Nascido em Berlim-Leste, fotógrafo, tinha vindo a Portugal em reportagem durante o «verão quente» de 75 e por cá ficara absorvido pelo deslumbramento daquele tempo insurrecto.
Como tinha sido recebido (aquando da sua chegada a Lisboa) pelas contexturas do PCP*, corria entre nós, militantes anti-estalinistas, o rumor de que Sven era informador da Stasi**. Em consequência desse rumor, juntado o «S» de Sven, com o «S» de Stasi, quando alguém o queria nomear usava com frequência a alcunha: «o SS».
Todos estas ingredientes aguçavam a vontade de o conhecer e foi o que aconteceu no dia de aniversario da Margarida. Jornalista no «Diário de Lisboa», tinha-se cruzado com Sven na redação do jornal, acabando por não resistir a se aproximar dele e em pouco tempo eram amigos chegados.
Informador da Stasi ou não, o alemão Sven trouxe-nos a faculdade do espanto. A partir daquela noite, deixou de ser «o amigo alemão» da Margarida para ser um de nós.
(...)
© @off

*
PCP: Partido Comunista Português. O mais antigo partido político em actividade ininterrupta desde a sua fundação no início do século XX de matriz Estalinista. Durante a ditadura fascista portuguesa foi o polo central de mobilização contra o regime.

**
Stasi: Polícia Política e Agência de Serviços Secretos do regime pró-soviético da República Democrática Alemã.
Criada por decreto no dia 8 de Fevereiro de 1950 era treinada e controlada pelo soviético KGB. Foi responsável por milhares de perseguições, prisões, torturas e assassinatos. Já depois da sua extinção oficial com a reunificação germânica, a Amnistia Internacional denunciou a continuação da sua actividade, agora de forma clandestina, como agrupamento de mercenários e rede de espionagem a soldo.
Enquanto existiu como estrutura legal da RDA eram conhecidas as suas ligações ao PCP.

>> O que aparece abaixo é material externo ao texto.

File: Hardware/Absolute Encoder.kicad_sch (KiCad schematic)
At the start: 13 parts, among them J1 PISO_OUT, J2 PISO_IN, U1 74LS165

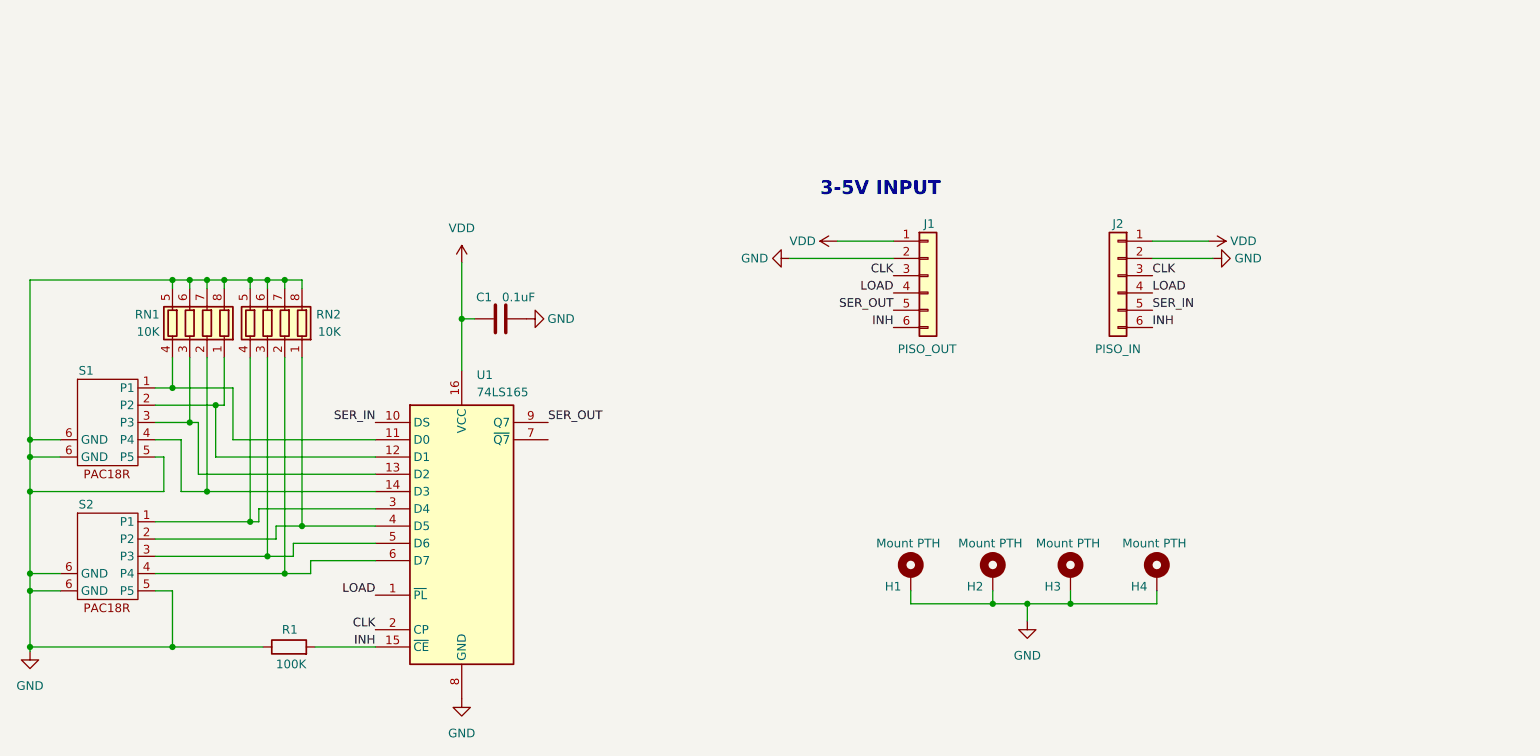
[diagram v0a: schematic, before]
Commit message: change R network for individual Rs
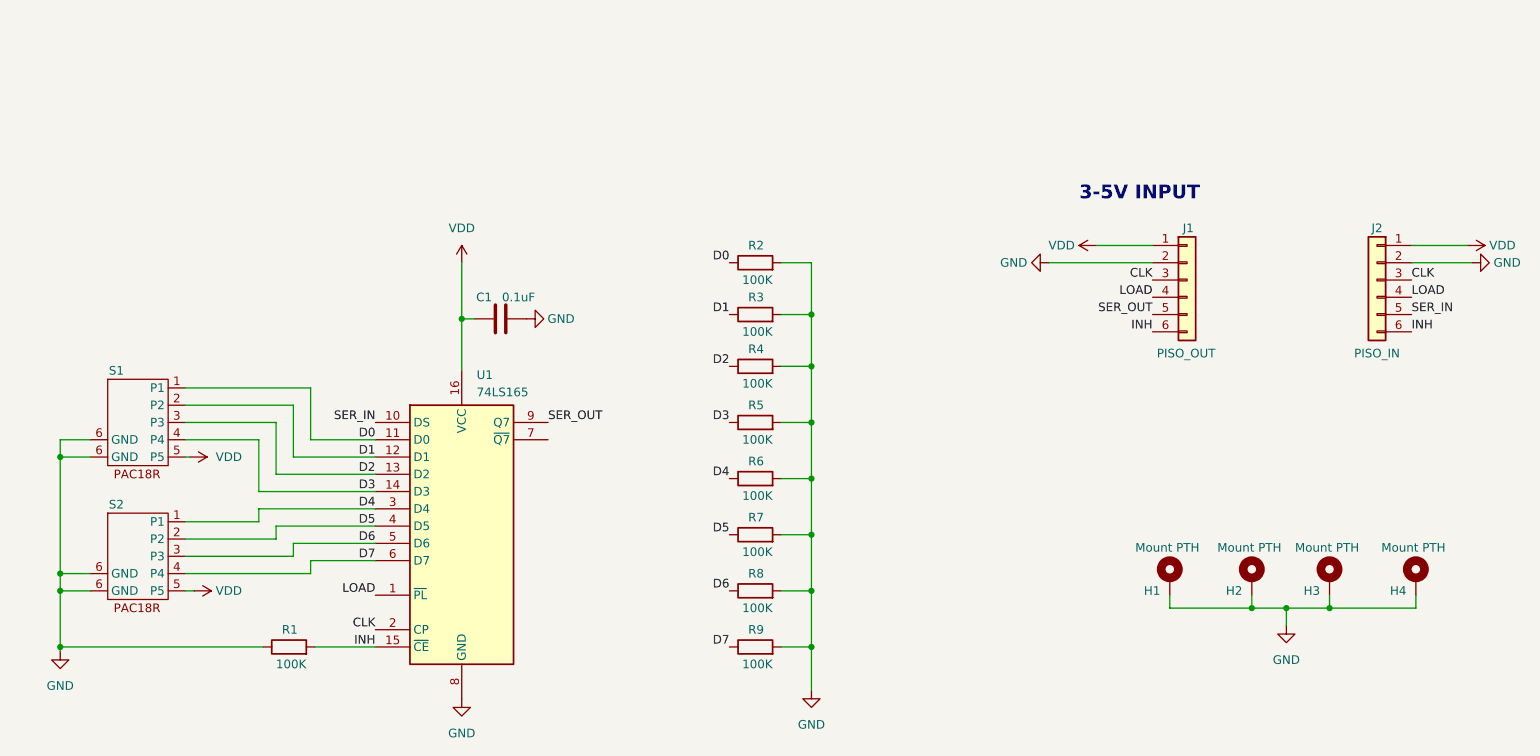
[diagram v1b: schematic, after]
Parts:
- removed RN1, RN2: 10K, Resistor_SMD:R_Array_Concave_4x0402, symbol Device:R_Pack04
- added R2, R3, R4, R5, R6, R7, R8, R9: 100K, Resistor_SMD:R_0402_1005Metric, symbol Device:R
- R1: footprint Resistor_SMD:R_0603_1608Metric -> Resistor_SMD:R_0402_1005Metric
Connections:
- net GND: now also R2.2, R3.2, R4.2, R5.2, R6.2, R7.2, R8.2, R9.2; no longer S1.5 (P5), S2.5 (P5)
- net VDD: now also S1.5 (P5), S2.5 (P5)
- net D4: now reaches S2.1 (P1), U1.3 (D4)
- net D4: now also R6.1
- net D5: now reaches S2.2 (P2), U1.4 (D5)
- net D5: now also R7.1
- net D6: now reaches S2.3 (P3), U1.5 (D6)
- net D6: now also R8.1
- net D7: now reaches S2.4 (P4), U1.6 (D7)
- net D7: now also R9.1
- net D0: now reaches S1.1 (P1), U1.11 (D0)
- net D0: now also R2.1
- net D1: now reaches S1.2 (P2), U1.12 (D1)
- net D1: now also R3.1
- net D2: now reaches S1.3 (P3), U1.13 (D2)
- net D2: now also R4.1
- net D3: now reaches S1.4 (P4), U1.14 (D3)
- net D3: now also R5.1
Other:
- moved on the sheet: H1, H2, H3, H4, J1, J2, S1, S2

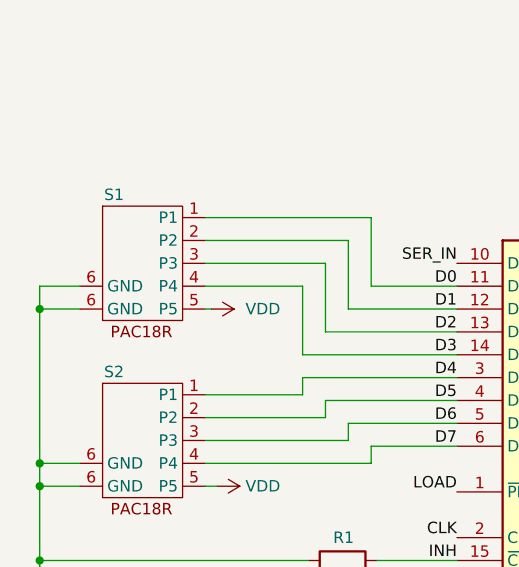
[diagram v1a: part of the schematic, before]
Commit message: Update Readme
add license
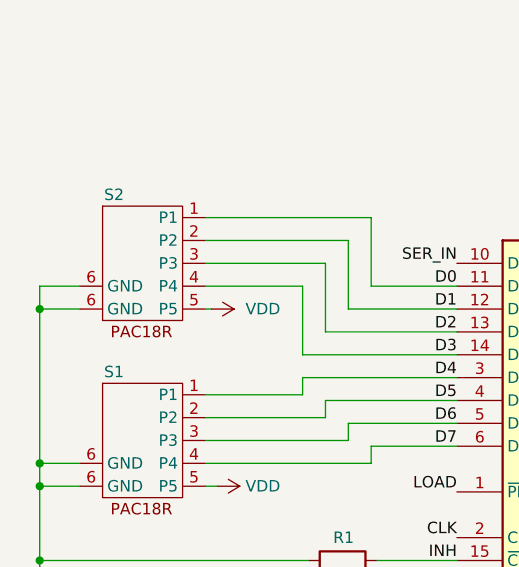
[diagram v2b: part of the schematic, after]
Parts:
- renumbered S2 to S1, S1 to S2
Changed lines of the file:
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@@
 		(on_board yes)
 		(dnp no)
-		(property "Reference" "S2"
+		(property "Reference" "S1"
 			(at 61.595 102.235 0)
 			(effects
@@
 			(project "Absolute Encoder"
 				(path "/e9a1f795-9b0b-4ff9-9b00-3d3b4875d365"
-					(reference "S2")
+					(reference "S1")
 					(unit 1)
 				)
@@
 		(on_board yes)
 		(dnp no)
-		(property "Reference" "S1"
+		(property "Reference" "S2"
 			(at 61.595 82.55 0)
 			(effects
@@
 			(project "Absolute Encoder"
 				(path "/e9a1f795-9b0b-4ff9-9b00-3d3b4875d365"
-					(reference "S1")
-					(unit 1)
-				)
+					(reference "S2")
+					(unit 1)
+				)

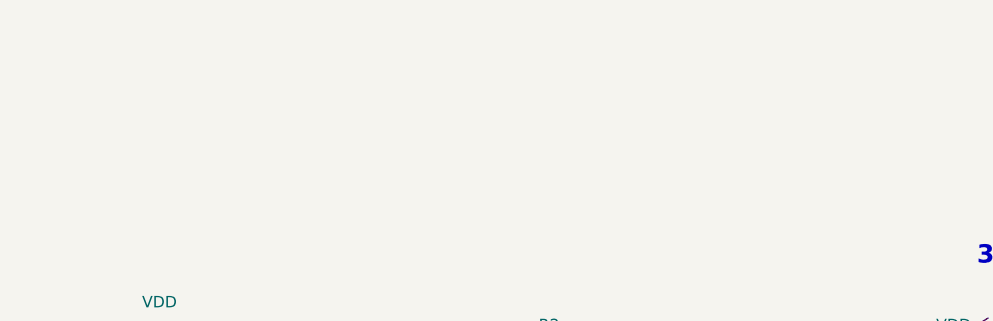
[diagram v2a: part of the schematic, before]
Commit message: Moved custom parts to local path
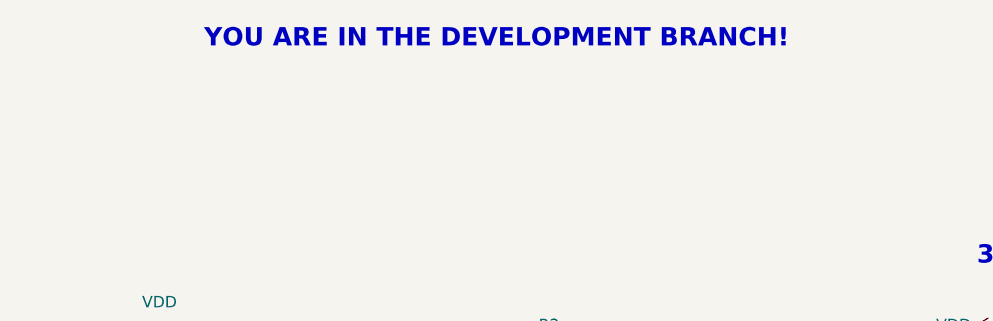
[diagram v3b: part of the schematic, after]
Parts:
- removed S1, S2: ~, Flywheel:PAC18R, symbol Flywheel_Library:PAC18R
- added S1, S2: ~, AbsoluteEncoder:PAC18R, symbol AbsoluteEncoder_Library:PAC18R
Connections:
- net D0: now also S2.1 (P1)
- net D1: now also S2.2 (P2)
- net D2: now also S2.3 (P3)
- net D3: now also S2.4 (P4)
- net D4: now also S1.1 (P1)
- net D5: now also S1.2 (P2)
- net D6: now also S1.3 (P3)
- net D7: now also S1.4 (P4)
- net GND: now also S1.6 (GND), S2.6 (GND)
- net VDD: now also S1.5 (P5), S2.5 (P5)
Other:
- note added: "YOU ARE IN THE DEVELOPMENT BRANCH!"
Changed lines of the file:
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@@
 		)
 	)
-	(text "3-5V INPUT"
-		(exclude_from_sim no)
-		(at 212.09 56.515 0)
+	(text "YOU ARE IN THE DEVELOPMENT BRANCH!"
+		(exclude_from_sim no)
+		(at 149.86 32.385 0)
 		(effects
 			(font
@@
 		)
 	)
+	(text "3-5V INPUT"
+		(exclude_from_sim no)
+		(at 212.09 56.515 0)
+		(effects
+			(font
+				(size 2.032 2.032)
+				(thickness 0.4064)
+				(bold yes)
+			)
+		)
+	)
 	(label "CLK"
 		(at 213.995 69.215 180)
@@
 				(path "/e9a1f795-9b0b-4ff9-9b00-3d3b4875d365"
 					(reference "#PWR09")
-					(unit 1)
-				)
-			)
-		)
-	)
-	(symbol
-		(lib_name "Flywheel_Library:PAC18R")
-		(lib_id "Flywheel_Library:PAC18R")
-		(at 64.135 109.855 0)
-		(unit 1)
-		(exclude_from_sim no)
-		(in_bom yes)
-		(on_board yes)
-		(dnp no)
-		(property "Reference" "S1"
-			(at 61.595 102.235 0)
-			(effects
-				(font
-					(size 1.27 1.27)
-				)
-			)
-		)
-		(property "Value" "~"
-			(at 64.77 102.235 0)
-			(effects
-				(font
-					(size 1.27 1.27)
-				)
-			)
-		)
-		(property "Footprint" "Flywheel:PAC18R"
-			(at 69.215 104.775 0)
-			(effects
-				(font
-					(size 1.27 1.27)
-				)
-				(hide yes)
-			)
-		)
-		(property "Datasheet" "https://www.mouser.com/datasheet/2/54/pac18r-2511013.pdf"
-			(at 69.215 104.775 0)
-			(effects
-				(font
-					(size 1.27 1.27)
-				)
-				(hide yes)
-			)
-		)
-		(property "Description" "Grey Code Encoder Switch"
-			(at 69.215 104.775 0)
-			(effects
-				(font
-					(size 1.27 1.27)
-				)
-				(hide yes)
-			)
-		)
-		(pin "3"
-		)
-		(pin "4"
-		)
-		(pin "5"
-		)
-		(pin "2"
-		)
-		(pin "1"
-		)
-		(pin "6"
-		)
-		(pin "6"
-		)
-		(instances
-			(project "Absolute Encoder"
-				(path "/e9a1f795-9b0b-4ff9-9b00-3d3b4875d365"
-					(reference "S1")
 					(unit 1)
 				)
@@
 	)
 	(symbol
+		(lib_name "AbsoluteEncoder_Library:PAC18R")
+		(lib_id "AbsoluteEncoder_Library:PAC18R")
+		(at 64.135 109.855 0)
+		(unit 1)
+		(exclude_from_sim no)
+		(in_bom yes)
+		(on_board yes)
+		(dnp no)
+		(property "Reference" "S1"
+			(at 61.595 102.235 0)
+			(effects
+				(font
+					(size 1.27 1.27)
+				)
+			)
+		)
+		(property "Value" "~"
+			(at 64.77 102.235 0)
+			(effects
+				(font
+					(size 1.27 1.27)
+				)
+			)
+		)
+		(property "Footprint" "AbsoluteEncoder:PAC18R"
+			(at 69.215 104.775 0)
+			(effects
+				(font
+					(size 1.27 1.27)
+				)
+				(hide yes)
+			)
+		)
+		(property "Datasheet" "https://www.mouser.com/datasheet/2/54/pac18r-2511013.pdf"
+			(at 69.215 104.775 0)
+			(effects
+				(font
+					(size 1.27 1.27)
+				)
+				(hide yes)
+			)
+		)
+		(property "Description" "Grey Code Encoder Switch"
+			(at 69.215 104.775 0)
+			(effects
+				(font
+					(size 1.27 1.27)
+				)
+				(hide yes)
+			)
+		)
+		(pin "1"
+		)
+		(pin "3"
+		)
+		(pin "2"
+		)
+		(pin "4"
+		)
+		(pin "5"
+		)
+		(pin "6"
+		)
+		(pin "6"
+		)
+		(instances
+			(project ""
+				(path "/e9a1f795-9b0b-4ff9-9b00-3d3b4875d365"
+					(reference "S1")
+					(unit 1)
+				)
+			)
+		)
+	)
+	(symbol
 		(lib_id "Device:R")
 		(at 155.575 74.295 90)
@@
 	)
 	(symbol
-		(lib_name "Flywheel_Library:PAC18R")
-		(lib_id "Flywheel_Library:PAC18R")
+		(lib_id "Device:R")
+		(at 155.575 106.68 90)
+		(unit 1)
+		(exclude_from_sim no)
+		(in_bom yes)
+		(on_board yes)
+		(dnp no)
+		(property "Reference" "R7"
+			(at 156.845 104.14 90)
+			(effects
+				(font
+					(size 1.27 1.27)
+				)
+				(justify left)
+			)
+		)
+		(property "Value" "100K"
+			(at 158.115 109.22 90)
+			(effects
+				(font
+					(size 1.27 1.27)
+				)
+				(justify left)
+			)
+		)
+		(property "Footprint" "Resistor_SMD:R_0402_1005Metric"
+			(at 155.575 108.458 90)
+			(effects
+				(font
+					(size 1.27 1.27)
+				)
+				(hide yes)
+			)
+		)
+		(property "Datasheet" "~"
+			(at 155.575 106.68 0)
+			(effects
+				(font
+					(size 1.27 1.27)
+				)
+				(hide yes)
+			)
+		)
+		(property "Description" "Resistor"
+			(at 155.575 106.68 0)
+			(effects
+				(font
+					(size 1.27 1.27)
+				)
+				(hide yes)
+			)
+		)
+		(pin "1"
+		)
+		(pin "2"
+		)
+		(instances
+			(project "Absolute Encoder"
+				(path "/e9a1f795-9b0b-4ff9-9b00-3d3b4875d365"
+					(reference "R7")
+					(unit 1)
+				)
+			)
+		)
+	)
+	(symbol
+		(lib_name "AbsoluteEncoder_Library:PAC18R")
+		(lib_id "AbsoluteEncoder_Library:PAC18R")
 		(at 64.135 90.17 0)
 		(unit 1)
@@
 			)
 		)
-		(property "Footprint" "Flywheel:PAC18R"
+		(property "Footprint" "AbsoluteEncoder:PAC18R"
 			(at 69.215 85.09 0)
 			(effects
@@
 			)
 		)
+		(pin "1"
+		)
 		(pin "3"
 		)
+		(pin "2"
+		)
 		(pin "4"
 		)
 		(pin "5"
 		)
-		(pin "2"
-		)
-		(pin "1"
-		)
 		(pin "6"
 		)
@@
 					(unit 1)
 				)
-			)
-		)
-	)
-	(symbol
-		(lib_id "Device:R")
-		(at 155.575 106.68 90)
-		(unit 1)
-		(exclude_from_sim no)
-		(in_bom yes)
-		(on_board yes)
-		(dnp no)
-		(property "Reference" "R7"
-			(at 156.845 104.14 90)
-			(effects
-				(font
-					(size 1.27 1.27)
-				)
-				(justify left)
-			)
-		)
-		(property "Value" "100K"
-			(at 158.115 109.22 90)
-			(effects
-				(font
-					(size 1.27 1.27)
-				)
-				(justify left)
-			)
-		)
-		(property "Footprint" "Resistor_SMD:R_0402_1005Metric"
-			(at 155.575 108.458 90)
-			(effects
-				(font
-					(size 1.27 1.27)
-				)
-				(hide yes)
-			)
-		)
-		(property "Datasheet" "~"
-			(at 155.575 106.68 0)
-			(effects
-				(font
-					(size 1.27 1.27)
-				)
-				(hide yes)
-			)
-		)
-		(property "Description" "Resistor"
-			(at 155.575 106.68 0)
-			(effects
-				(font
-					(size 1.27 1.27)
-				)
-				(hide yes)
-			)
-		)
-		(pin "1"
-		)
-		(pin "2"
-		)
-		(instances
-			(project "Absolute Encoder"
-				(path "/e9a1f795-9b0b-4ff9-9b00-3d3b4875d365"
-					(reference "R7")
-					(unit 1)
-				)

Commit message: removed erroneous text
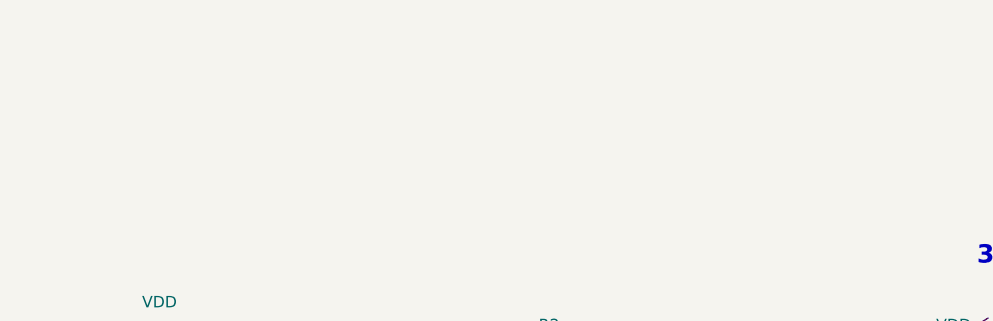
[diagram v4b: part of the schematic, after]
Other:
- note removed: "YOU ARE IN THE DEVELOPMENT BRANCH!"
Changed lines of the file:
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@@
 		)
 	)
-	(text "YOU ARE IN THE DEVELOPMENT BRANCH!"
+	(text "3-5V INPUT"
 		(exclude_from_sim no)
-		(at 149.86 32.385 0)
+		(at 212.09 56.515 0)
 		(effects
 			(font
@@
 		)
 	)
-	(text "3-5V INPUT"
-		(exclude_from_sim no)
-		(at 212.09 56.515 0)
-		(effects
-			(font
-				(size 2.032 2.032)
-				(thickness 0.4064)
-				(bold yes)
-			)
-		)
-	)
 	(label "CLK"
 		(at 213.995 69.215 180)
@@
 	)
 	(symbol
-		(lib_name "AbsoluteEncoder_Library:PAC18R")
 		(lib_id "AbsoluteEncoder_Library:PAC18R")
 		(at 64.135 109.855 0)
@@
 	)
 	(symbol
-		(lib_name "AbsoluteEncoder_Library:PAC18R")
 		(lib_id "AbsoluteEncoder_Library:PAC18R")
 		(at 64.135 90.17 0)

quarta-feira, 1 de junho de 2011

Cartazes, Diário Literário - Parte II - «A Narrativa»: #42

© Frederico Mira George

#42

Combinámos às quatro em Campo de Ourique, no Ruacaná. Em 83 o café ainda conservava um olor a revoltas e conspirações extremistas. Ali se reuniram os anarco-sindicalistas durante a insurreição republicana de 10, ali se reuniu a extrema-esquerda (trotskistas na maioria) entre 74 e 78. Não podíamos ter escolhido lugar mais inspirador para a sublevação possível daquele dia: comprar telas.
A revolução (entenda-se que sempre que usar a palavra «revolução» sem acrescento me refiro a 25 de Abril de 1974), tinha trazido a pintura para a rua. A arte na generalidade. Naquele ano principiava o regresso do talento às prisões  e à disciplina autoritária do mercado. Os muros pintados de alegria revolucionária  começavam a ser «varridos» sem contemplação, enfim, dava-se início à limpeza da memória artística-popular de Abril.
Tínhamos de regressar à pintura caseira, voltar para dentro dos limites da tela, das molduras. Cada um faria o seu «quadro».
Eles tinham conseguido separar-nos, e agora? Onde se compram telas?
(...)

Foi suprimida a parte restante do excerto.